### What is required:
Using the records that appear below, write out exactly the lines from the one with "110. МОО 041 шпангоут спина 1:20" through the one with "128. МОО 052 стрингер спина 2:1 — Rigid:92", keeping both end lines.

### Data shown:
== Segment start ==
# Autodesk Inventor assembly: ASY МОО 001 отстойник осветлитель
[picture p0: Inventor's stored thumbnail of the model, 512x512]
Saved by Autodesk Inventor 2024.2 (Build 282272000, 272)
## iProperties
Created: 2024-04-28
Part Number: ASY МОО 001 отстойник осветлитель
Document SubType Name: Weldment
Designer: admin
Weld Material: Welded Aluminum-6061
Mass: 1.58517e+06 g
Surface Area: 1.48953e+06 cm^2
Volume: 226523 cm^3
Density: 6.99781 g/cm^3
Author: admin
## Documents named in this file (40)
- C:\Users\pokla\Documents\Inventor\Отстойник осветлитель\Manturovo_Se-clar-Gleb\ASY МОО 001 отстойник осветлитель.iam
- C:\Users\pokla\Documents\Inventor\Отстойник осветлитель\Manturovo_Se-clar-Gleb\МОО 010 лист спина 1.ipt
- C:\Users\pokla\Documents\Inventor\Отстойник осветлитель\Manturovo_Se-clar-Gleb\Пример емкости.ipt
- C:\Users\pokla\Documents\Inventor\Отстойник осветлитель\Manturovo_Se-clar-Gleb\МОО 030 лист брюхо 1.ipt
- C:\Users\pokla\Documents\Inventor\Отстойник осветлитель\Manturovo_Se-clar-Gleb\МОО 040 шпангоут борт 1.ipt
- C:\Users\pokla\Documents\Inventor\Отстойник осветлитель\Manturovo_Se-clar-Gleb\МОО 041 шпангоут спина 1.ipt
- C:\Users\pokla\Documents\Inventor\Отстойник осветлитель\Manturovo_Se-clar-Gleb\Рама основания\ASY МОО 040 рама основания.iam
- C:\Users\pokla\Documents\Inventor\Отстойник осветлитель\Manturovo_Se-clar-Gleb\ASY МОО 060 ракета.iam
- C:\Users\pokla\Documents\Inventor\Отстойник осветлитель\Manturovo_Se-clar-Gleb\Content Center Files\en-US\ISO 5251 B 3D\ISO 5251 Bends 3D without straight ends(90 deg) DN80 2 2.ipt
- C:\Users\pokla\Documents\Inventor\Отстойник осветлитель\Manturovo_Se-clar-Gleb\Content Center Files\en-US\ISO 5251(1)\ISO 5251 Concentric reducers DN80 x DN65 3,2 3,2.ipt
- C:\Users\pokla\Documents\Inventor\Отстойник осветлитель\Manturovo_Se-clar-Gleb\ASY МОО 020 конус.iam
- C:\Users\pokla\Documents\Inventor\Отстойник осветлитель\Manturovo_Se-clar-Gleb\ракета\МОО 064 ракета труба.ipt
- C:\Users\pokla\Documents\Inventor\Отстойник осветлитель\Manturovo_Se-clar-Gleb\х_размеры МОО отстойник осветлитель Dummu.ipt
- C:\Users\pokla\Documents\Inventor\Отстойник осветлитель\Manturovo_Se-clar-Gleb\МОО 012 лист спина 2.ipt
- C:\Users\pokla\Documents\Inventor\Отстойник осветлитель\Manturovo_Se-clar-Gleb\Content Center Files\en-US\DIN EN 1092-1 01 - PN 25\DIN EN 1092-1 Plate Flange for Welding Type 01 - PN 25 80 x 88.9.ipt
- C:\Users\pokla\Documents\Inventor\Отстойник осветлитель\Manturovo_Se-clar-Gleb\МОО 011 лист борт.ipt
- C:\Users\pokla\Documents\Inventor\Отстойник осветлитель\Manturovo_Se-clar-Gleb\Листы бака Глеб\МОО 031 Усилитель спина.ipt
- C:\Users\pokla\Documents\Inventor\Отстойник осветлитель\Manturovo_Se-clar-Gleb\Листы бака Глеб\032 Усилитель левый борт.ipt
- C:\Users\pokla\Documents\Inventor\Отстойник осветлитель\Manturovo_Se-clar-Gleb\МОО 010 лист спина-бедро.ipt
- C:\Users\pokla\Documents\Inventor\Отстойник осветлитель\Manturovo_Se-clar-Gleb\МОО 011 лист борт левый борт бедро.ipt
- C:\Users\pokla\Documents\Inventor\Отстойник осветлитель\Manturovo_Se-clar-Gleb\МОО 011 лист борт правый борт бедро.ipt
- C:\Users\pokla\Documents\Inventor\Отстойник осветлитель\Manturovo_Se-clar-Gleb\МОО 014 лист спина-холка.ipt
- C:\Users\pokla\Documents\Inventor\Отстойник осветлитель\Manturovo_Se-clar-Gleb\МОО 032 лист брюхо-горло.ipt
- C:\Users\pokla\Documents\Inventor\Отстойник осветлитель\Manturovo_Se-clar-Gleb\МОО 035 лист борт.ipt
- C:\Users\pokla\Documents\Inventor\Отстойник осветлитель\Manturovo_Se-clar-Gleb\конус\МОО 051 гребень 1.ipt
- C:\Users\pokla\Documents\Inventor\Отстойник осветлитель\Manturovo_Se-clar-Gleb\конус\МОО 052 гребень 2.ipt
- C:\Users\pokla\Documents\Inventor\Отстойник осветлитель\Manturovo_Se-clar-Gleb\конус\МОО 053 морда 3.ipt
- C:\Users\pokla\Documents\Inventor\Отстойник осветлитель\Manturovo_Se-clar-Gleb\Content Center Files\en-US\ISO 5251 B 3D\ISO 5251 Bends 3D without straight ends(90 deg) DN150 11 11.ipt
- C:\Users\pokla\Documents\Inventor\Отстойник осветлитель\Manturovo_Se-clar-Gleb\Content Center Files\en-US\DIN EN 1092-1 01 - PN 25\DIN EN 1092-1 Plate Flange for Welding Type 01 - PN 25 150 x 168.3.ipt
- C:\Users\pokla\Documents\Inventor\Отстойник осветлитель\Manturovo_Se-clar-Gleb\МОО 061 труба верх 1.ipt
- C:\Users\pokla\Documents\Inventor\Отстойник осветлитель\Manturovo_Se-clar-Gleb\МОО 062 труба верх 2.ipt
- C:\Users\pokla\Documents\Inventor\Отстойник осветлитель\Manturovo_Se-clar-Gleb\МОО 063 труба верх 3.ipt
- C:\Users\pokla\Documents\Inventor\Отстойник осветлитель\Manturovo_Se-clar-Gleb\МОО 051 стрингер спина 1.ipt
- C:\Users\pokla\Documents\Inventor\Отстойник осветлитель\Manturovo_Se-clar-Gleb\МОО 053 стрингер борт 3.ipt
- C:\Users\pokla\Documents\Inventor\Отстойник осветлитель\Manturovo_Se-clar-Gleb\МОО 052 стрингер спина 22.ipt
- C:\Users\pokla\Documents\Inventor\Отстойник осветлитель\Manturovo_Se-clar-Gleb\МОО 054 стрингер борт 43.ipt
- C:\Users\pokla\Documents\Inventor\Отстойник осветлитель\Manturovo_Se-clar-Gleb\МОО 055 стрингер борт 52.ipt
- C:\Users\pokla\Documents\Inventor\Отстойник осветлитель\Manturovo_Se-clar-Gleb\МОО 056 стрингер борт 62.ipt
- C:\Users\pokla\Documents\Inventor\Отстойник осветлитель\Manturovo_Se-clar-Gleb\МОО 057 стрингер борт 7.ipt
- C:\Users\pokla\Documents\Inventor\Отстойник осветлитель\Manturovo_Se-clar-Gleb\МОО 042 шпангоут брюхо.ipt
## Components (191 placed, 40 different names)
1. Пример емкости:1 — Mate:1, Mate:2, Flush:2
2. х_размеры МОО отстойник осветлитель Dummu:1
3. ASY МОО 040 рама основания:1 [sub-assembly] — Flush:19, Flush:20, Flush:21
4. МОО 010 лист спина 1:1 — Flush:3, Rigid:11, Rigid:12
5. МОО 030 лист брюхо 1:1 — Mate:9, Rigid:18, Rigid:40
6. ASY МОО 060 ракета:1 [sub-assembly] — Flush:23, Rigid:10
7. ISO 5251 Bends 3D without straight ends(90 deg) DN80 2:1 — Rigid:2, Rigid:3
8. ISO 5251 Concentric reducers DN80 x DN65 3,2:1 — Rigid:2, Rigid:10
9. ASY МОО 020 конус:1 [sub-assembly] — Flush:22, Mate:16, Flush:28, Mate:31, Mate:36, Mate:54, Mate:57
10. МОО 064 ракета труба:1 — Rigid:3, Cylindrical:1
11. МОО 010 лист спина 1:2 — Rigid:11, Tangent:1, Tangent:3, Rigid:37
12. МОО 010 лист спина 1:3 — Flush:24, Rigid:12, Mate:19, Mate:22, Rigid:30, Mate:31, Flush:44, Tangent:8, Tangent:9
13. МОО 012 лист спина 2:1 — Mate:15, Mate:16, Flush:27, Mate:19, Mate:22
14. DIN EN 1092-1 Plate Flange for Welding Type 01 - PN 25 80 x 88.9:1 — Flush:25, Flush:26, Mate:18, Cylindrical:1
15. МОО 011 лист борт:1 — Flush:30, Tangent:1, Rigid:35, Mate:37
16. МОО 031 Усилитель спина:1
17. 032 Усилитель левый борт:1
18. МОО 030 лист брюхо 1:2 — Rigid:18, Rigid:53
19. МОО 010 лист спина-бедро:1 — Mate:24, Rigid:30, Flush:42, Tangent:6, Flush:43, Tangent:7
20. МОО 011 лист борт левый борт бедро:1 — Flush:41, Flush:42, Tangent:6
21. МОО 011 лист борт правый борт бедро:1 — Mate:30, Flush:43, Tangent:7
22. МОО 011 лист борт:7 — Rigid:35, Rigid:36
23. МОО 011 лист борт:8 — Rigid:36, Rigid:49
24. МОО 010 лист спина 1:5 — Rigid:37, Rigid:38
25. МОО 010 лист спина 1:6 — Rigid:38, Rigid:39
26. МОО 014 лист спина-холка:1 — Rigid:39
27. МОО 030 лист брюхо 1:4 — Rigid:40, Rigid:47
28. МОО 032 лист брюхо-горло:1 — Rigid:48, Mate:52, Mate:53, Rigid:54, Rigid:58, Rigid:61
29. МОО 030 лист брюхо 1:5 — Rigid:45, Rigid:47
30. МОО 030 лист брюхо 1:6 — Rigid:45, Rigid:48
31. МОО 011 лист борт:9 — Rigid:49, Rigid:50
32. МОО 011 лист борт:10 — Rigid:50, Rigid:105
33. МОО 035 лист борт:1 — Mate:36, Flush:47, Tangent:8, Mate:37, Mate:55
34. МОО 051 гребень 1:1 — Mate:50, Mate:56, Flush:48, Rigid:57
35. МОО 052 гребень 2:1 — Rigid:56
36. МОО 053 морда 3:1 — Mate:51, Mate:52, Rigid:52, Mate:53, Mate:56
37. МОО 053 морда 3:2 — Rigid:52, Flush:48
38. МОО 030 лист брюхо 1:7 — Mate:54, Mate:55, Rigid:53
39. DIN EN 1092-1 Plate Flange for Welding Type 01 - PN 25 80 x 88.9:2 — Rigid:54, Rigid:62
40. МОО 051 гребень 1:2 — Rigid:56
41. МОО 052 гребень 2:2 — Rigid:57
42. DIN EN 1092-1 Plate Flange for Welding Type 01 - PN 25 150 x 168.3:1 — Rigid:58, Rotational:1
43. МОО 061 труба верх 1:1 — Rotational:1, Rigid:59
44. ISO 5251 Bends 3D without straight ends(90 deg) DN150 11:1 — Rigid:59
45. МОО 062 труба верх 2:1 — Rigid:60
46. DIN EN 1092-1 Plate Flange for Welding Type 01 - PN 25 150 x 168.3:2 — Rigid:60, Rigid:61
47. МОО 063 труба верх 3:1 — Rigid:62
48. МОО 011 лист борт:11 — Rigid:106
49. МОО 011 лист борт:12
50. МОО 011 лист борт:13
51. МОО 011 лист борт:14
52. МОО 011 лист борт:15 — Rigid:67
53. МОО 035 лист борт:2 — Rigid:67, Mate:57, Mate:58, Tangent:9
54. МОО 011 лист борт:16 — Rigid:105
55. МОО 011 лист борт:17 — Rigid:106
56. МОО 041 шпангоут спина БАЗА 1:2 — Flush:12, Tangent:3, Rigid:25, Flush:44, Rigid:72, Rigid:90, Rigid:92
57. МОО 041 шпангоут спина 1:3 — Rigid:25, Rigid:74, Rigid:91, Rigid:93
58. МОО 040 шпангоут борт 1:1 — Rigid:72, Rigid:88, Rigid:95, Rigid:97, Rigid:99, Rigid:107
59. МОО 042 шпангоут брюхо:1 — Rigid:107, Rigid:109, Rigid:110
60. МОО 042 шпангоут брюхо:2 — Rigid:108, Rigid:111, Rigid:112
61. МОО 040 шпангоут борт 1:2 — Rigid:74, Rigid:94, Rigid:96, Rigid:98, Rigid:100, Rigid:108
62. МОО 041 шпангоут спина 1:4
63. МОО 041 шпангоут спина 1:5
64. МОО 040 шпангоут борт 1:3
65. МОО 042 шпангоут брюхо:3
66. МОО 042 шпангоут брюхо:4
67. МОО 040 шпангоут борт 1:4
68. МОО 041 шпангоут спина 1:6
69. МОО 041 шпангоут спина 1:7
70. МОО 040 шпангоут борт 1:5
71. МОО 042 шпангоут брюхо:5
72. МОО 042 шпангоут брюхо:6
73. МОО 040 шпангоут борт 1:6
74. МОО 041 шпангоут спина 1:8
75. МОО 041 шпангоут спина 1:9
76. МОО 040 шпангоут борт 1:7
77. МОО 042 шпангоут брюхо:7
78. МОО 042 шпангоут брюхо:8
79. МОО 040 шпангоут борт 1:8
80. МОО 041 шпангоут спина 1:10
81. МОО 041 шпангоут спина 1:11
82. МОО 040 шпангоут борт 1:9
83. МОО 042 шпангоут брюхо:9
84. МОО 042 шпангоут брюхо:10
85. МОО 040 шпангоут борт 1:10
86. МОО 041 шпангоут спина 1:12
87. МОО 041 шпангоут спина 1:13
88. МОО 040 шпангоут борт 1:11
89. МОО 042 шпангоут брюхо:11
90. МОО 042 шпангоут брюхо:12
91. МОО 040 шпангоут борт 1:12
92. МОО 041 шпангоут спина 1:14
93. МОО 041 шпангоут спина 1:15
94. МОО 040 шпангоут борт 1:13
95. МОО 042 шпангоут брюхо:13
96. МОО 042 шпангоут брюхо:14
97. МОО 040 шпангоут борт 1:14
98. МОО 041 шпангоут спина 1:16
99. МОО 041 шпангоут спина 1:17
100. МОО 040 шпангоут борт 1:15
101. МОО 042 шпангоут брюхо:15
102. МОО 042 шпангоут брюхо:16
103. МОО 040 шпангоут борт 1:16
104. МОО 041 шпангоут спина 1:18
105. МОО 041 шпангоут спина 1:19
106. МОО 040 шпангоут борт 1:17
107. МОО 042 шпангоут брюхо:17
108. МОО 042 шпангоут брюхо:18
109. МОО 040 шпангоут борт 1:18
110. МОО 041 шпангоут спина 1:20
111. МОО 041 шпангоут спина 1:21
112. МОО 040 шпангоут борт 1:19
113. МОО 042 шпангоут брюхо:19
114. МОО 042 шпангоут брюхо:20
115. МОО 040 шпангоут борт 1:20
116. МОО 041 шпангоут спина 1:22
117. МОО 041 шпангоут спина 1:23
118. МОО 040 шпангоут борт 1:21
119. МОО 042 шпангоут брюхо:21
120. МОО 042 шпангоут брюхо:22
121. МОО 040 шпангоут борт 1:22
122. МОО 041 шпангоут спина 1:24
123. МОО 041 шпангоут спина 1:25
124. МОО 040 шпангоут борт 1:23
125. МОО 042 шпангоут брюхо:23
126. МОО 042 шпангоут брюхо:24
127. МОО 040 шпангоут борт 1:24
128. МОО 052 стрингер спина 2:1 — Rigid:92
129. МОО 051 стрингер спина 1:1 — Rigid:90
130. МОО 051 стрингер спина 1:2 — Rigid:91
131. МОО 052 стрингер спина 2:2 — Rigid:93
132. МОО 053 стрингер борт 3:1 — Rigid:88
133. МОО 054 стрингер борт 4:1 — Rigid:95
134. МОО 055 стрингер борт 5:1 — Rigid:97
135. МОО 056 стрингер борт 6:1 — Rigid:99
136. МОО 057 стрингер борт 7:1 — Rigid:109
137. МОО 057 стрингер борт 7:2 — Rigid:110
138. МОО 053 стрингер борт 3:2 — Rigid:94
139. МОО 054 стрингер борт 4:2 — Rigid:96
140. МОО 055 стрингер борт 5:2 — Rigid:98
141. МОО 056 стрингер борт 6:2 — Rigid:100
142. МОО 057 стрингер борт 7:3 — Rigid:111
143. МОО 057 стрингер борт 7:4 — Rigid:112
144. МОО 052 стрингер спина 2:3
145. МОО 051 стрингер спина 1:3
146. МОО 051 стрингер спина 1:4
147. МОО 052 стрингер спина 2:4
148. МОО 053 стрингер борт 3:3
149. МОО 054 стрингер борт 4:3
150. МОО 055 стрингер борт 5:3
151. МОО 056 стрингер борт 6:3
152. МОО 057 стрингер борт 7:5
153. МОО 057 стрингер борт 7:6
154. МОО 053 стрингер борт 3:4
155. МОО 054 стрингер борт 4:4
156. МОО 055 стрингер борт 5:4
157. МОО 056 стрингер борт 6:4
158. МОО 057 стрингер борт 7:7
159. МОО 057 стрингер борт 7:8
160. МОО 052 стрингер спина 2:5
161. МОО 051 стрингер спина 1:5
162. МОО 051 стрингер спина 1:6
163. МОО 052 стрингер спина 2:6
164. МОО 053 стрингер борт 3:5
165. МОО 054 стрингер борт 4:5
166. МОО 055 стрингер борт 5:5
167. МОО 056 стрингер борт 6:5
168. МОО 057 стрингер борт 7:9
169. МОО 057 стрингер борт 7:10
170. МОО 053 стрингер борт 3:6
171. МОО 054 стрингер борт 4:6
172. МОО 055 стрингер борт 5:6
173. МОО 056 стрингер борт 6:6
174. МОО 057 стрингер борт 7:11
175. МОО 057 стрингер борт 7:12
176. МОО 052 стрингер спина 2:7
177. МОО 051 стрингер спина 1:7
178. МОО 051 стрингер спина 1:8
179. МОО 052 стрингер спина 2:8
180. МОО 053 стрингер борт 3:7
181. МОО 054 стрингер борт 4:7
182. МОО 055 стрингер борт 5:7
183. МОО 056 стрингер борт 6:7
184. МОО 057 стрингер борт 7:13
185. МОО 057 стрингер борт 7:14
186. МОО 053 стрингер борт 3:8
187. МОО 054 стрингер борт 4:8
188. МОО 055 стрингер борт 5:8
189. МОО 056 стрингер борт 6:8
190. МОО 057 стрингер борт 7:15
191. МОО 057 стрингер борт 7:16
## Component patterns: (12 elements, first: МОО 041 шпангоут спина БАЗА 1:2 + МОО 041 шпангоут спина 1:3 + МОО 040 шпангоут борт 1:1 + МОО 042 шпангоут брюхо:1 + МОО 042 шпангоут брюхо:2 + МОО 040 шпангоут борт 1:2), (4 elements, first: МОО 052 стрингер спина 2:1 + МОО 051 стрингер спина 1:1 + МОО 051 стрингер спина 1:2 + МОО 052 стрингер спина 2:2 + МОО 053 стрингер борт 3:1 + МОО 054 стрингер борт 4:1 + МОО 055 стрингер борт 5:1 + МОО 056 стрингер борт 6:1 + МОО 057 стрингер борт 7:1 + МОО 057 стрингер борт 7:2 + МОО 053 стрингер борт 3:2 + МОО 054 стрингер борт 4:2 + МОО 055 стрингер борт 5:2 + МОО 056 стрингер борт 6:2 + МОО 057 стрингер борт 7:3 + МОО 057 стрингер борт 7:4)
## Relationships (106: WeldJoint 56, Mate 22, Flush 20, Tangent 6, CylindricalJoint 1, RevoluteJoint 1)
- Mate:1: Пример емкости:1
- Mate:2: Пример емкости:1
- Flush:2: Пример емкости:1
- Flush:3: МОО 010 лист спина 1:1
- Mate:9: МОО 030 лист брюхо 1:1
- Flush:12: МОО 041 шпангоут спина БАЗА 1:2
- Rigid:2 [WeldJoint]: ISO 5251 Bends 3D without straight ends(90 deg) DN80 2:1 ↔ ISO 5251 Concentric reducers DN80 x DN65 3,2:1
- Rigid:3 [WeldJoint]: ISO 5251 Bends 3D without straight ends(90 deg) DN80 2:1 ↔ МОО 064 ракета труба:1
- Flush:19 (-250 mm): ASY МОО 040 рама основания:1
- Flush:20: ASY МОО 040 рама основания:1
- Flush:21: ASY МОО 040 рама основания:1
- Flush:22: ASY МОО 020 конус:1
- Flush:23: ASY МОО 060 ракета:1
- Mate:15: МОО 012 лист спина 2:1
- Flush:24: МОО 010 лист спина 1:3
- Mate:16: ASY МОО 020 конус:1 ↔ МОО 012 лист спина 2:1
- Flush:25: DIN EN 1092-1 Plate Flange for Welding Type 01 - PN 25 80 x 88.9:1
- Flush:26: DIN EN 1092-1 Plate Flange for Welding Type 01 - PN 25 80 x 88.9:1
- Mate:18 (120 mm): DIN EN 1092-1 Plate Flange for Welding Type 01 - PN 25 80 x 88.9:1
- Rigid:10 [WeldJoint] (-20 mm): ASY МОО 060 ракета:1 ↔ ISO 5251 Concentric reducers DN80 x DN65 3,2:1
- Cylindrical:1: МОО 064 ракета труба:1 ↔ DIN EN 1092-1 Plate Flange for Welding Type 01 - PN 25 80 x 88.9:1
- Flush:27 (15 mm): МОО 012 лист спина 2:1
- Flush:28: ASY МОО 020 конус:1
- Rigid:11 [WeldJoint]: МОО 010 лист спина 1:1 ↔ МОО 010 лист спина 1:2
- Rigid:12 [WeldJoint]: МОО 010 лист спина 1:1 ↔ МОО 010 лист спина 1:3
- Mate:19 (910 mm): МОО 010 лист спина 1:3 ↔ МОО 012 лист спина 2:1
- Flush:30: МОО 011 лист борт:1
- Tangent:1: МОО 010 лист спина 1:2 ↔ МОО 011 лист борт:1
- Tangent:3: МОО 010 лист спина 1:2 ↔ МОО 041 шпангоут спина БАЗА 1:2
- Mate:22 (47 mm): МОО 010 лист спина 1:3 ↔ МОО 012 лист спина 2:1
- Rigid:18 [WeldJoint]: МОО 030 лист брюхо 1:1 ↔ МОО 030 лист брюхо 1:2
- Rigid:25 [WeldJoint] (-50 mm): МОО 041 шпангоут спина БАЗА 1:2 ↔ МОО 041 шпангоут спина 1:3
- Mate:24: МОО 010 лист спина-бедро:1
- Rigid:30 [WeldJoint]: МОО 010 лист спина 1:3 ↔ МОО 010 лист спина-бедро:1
== Segment end ==
### Solution to this exercise:
110. МОО 041 шпангоут спина 1:20
111. МОО 041 шпангоут спина 1:21
112. МОО 040 шпангоут борт 1:19
113. МОО 042 шпангоут брюхо:19
114. МОО 042 шпангоут брюхо:20
115. МОО 040 шпангоут борт 1:20
116. МОО 041 шпангоут спина 1:22
117. МОО 041 шпангоут спина 1:23
118. МОО 040 шпангоут борт 1:21
119. МОО 042 шпангоут брюхо:21
120. МОО 042 шпангоут брюхо:22
121. МОО 040 шпангоут борт 1:22
122. МОО 041 шпангоут спина 1:24
123. МОО 041 шпангоут спина 1:25
124. МОО 040 шпангоут борт 1:23
125. МОО 042 шпангоут брюхо:23
126. МОО 042 шпангоут брюхо:24
127. МОО 040 шпангоут борт 1:24
128. МОО 052 стрингер спина 2:1 — Rigid:92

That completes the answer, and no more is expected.